Occasionally wonky but overall a good case for how the dismal science can make the world less—well, dismal.

“Quality of life means more than just consumption”: Two MIT economists urge that a smarter, more politically aware economics be brought to bear on social issues.

It’s no secret, write Banerjee and Duflo (co-authors: Poor Economics: A Radical Rethinking of the Way To Fight Global Poverty, 2011), that “we seem to have fallen on hard times.” Immigration, trade, inequality, and taxation problems present themselves daily, and they seem to be intractable. Economics can be put to use in figuring out these big-issue questions. Data can be adduced, for example, to answer the question of whether immigration tends to suppress wages. The answer: “There is no evidence low-skilled migration to rich countries drives wage and employment down for the natives.” In fact, it opens up opportunities for those natives by freeing them to look for better work.

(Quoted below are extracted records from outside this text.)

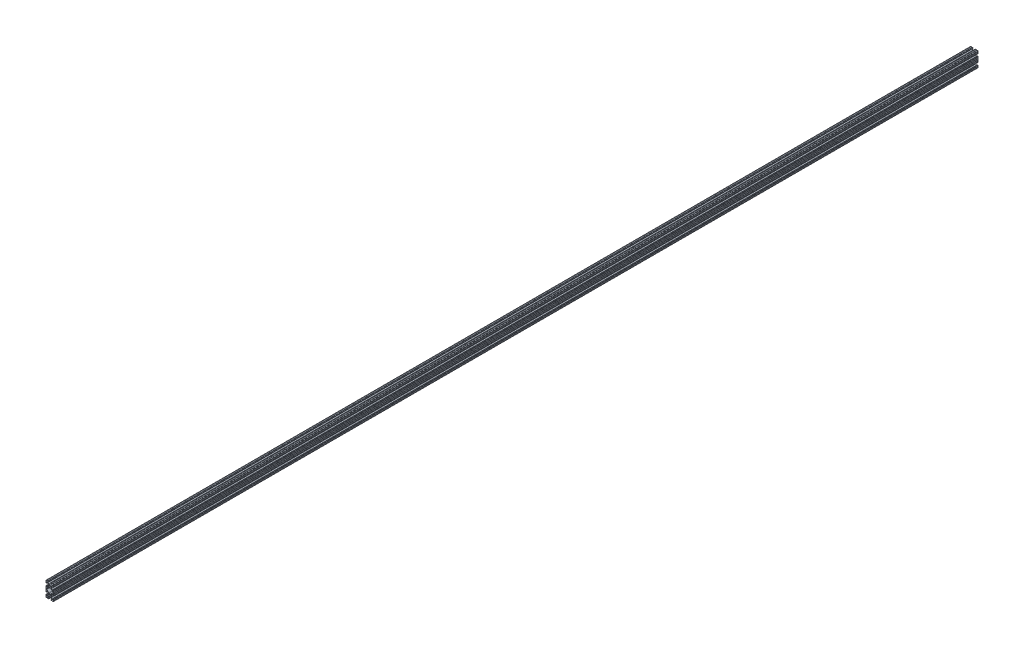
from build123d import *

# Parameters (mm, degrees)
BOSS_EXTRUDE1_DEPTH     = 1524
CUT_EXTRUDE1_DEPTH      = 1525.26456037
CUT_EXTRUDE1_DEPTH_BACK = 1525.26456037
SKETCH5_R               = 0.55245
BOSS_EXTRUDE2_DEPTH     = 1524
CUT_EXTRUDE2_DEPTH      = 1525.26456037
CUT_EXTRUDE2_DEPTH_BACK = 1525.26456037


with BuildPart() as part:
    # Sketch4 → Boss-Extrude1 (new, symmetric)
    with BuildSketch(Plane.XY):
        with BuildLine():
            Line((4.190365, -25.4), (10.11729625, -25.4))
            ThreePointArc((10.11729625, -25.4), (11.943543585, -24.643543585), (12.7, -22.81729625))
            Line((12.7, -22.81729625), (12.7, -16.890365))
            ThreePointArc((12.7, -16.890365), (12.42492494, -16.22627506), (11.760835, -15.9512))
            Line((11.760835, -15.9512), (11.429365, -15.9512))
            ThreePointArc((11.429365, -15.9512), (10.76527506, -16.22627506), (10.4902, -16.890365))
            Line((10.4902, -16.890365), (10.4902, -19.048478019))
            ThreePointArc((10.4902, -19.048478019), (9.830707141, -20.035478831), (8.666460301, -19.803895736))
            Line((8.666460301, -19.803895736), (5.299899128, -16.437334563))
            ThreePointArc((5.299899128, -16.437334563), (4.817571085, -15.715479634), (4.6482, -14.86399369))
            Line((4.6482, -14.86399369), (4.6482, -12.7))
            Line((4.6482, -12.7), (2.6035, -12.7))
            ThreePointArc((2.6035, -12.7), (1.840952505, -14.540952505), (0, -15.3035))
            Line((0, -15.3035), (0, -17.3482))
            Line((0, -17.3482), (2.16399369, -17.3482))
            ThreePointArc((2.16399369, -17.3482), (3.015479634, -17.517571085), (3.737334563, -17.999899128))
            Line((3.737334563, -17.999899128), (7.103895736, -21.366460301))
            ThreePointArc((7.103895736, -21.366460301), (7.335478831, -22.530707141), (6.348478019, -23.1902))
            Line((6.348478019, -23.1902), (4.190365, -23.1902))
            ThreePointArc((4.190365, -23.1902), (3.52627506, -23.46527506), (3.2512, -24.129365))
            Line((3.2512, -24.129365), (3.2512, -24.460835))
            ThreePointArc((3.2512, -24.460835), (3.52627506, -25.12492494), (4.190365, -25.4))
        make_face()
    extrude(amount=BOSS_EXTRUDE1_DEPTH, both=True)

    # Sketch5 → Cut-Extrude1 (cut, two sides: drawn at the far end of the back side and taken through both)
    with BuildSketch(Plane.XY.offset(-CUT_EXTRUDE1_DEPTH_BACK)):
        with Locations((10.356153152, -25.4)):
            Circle(SKETCH5_R)
        with Locations((5.796028019, -25.4)):
            Circle(SKETCH5_R)
        with Locations((12.7, -23.056153152)):
            Circle(SKETCH5_R)
        with Locations((12.7, -18.496028019)):
            Circle(SKETCH5_R)
    extrude(amount=CUT_EXTRUDE1_DEPTH + CUT_EXTRUDE1_DEPTH_BACK, mode=Mode.SUBTRACT)

    # Mirror1: part across plane


with BuildPart() as part_1:
    add(part.part)
    add(part.part.mirror(Plane(origin=(4.6482, -12.7, 1524), x_dir=(0, 0, 1), z_dir=(0, -1, 0))))

    # Sketch6 → Boss-Extrude2 (add, symmetric)
    with BuildSketch(Plane.XY):
        with BuildLine():
            Line((12.7, -1.791396848), (12.7, 0))
            Line((12.7, 0), (9.803703152, 0))
            Line((9.803703152, 0), (9.803703152, -2.343846848))
            Line((9.803703152, -2.343846848), (12.14755, -2.343846848))
            ThreePointArc((12.14755, -2.343846848), (12.309358859, -1.953205706), (12.7, -1.791396848))
        make_face()
    extrude(amount=BOSS_EXTRUDE2_DEPTH, both=True)

    # Sketch7 → Cut-Extrude2 (cut, two sides: drawn at the far end of the back side and taken through both)
    with BuildSketch(Plane.XY.offset(-CUT_EXTRUDE2_DEPTH_BACK)):
        with BuildLine():
            Line((5.420615149, -5.716820286), (10.328391141, -0.809044294))
            ThreePointArc((10.328391141, -0.809044294), (10.448147248, -0.629816615), (10.4902, -0.418403152))
            Line((10.4902, -0.418403152), (10.4902, 0))
            Line((10.4902, 0), (0, 0))
            Line((0, 0), (5.420615149, -5.716820286))
        make_face()
    extrude(amount=CUT_EXTRUDE2_DEPTH + CUT_EXTRUDE2_DEPTH_BACK, mode=Mode.SUBTRACT)

    # Mirror2: part across plane


with BuildPart() as part_2:
    add(part_1.part)
    add(part_1.part.mirror(Plane.ZX))

    # Mirror3: part across plane


with BuildPart() as part_3:
    add(part_2.part)
    add(part_2.part.mirror(Plane(origin=(0, 0, 0), x_dir=(0, 0, 1), z_dir=(1, 0, 0))))


solid = part_3.part

The problem becomes thornier when it comes to the matter of free trade; as the authors observe, “left-behind people live in left-behind places,” which explains why regional poverty descended on Appalachia when so many manufacturing jobs left for China in the age of globalism, leaving behind not just left-behind people but also people ripe for exploitation by nationalist politicians. The authors add, interestingly, that the same thing occurred in parts of Germany, Spain, and Norway that fell victim to the “China shock.” In what they call a “slightly technical aside,” they build a case for addressing trade issues not with trade wars but with consumption taxes: “It makes no sense to ask agricultural workers to lose their jobs just so steelworkers can keep theirs, which is what tariffs accomplish.” Policymakers might want to consider such counsel, especially when it is coupled with the observation that free trade benefits workers in poor countries but punishes workers in rich ones.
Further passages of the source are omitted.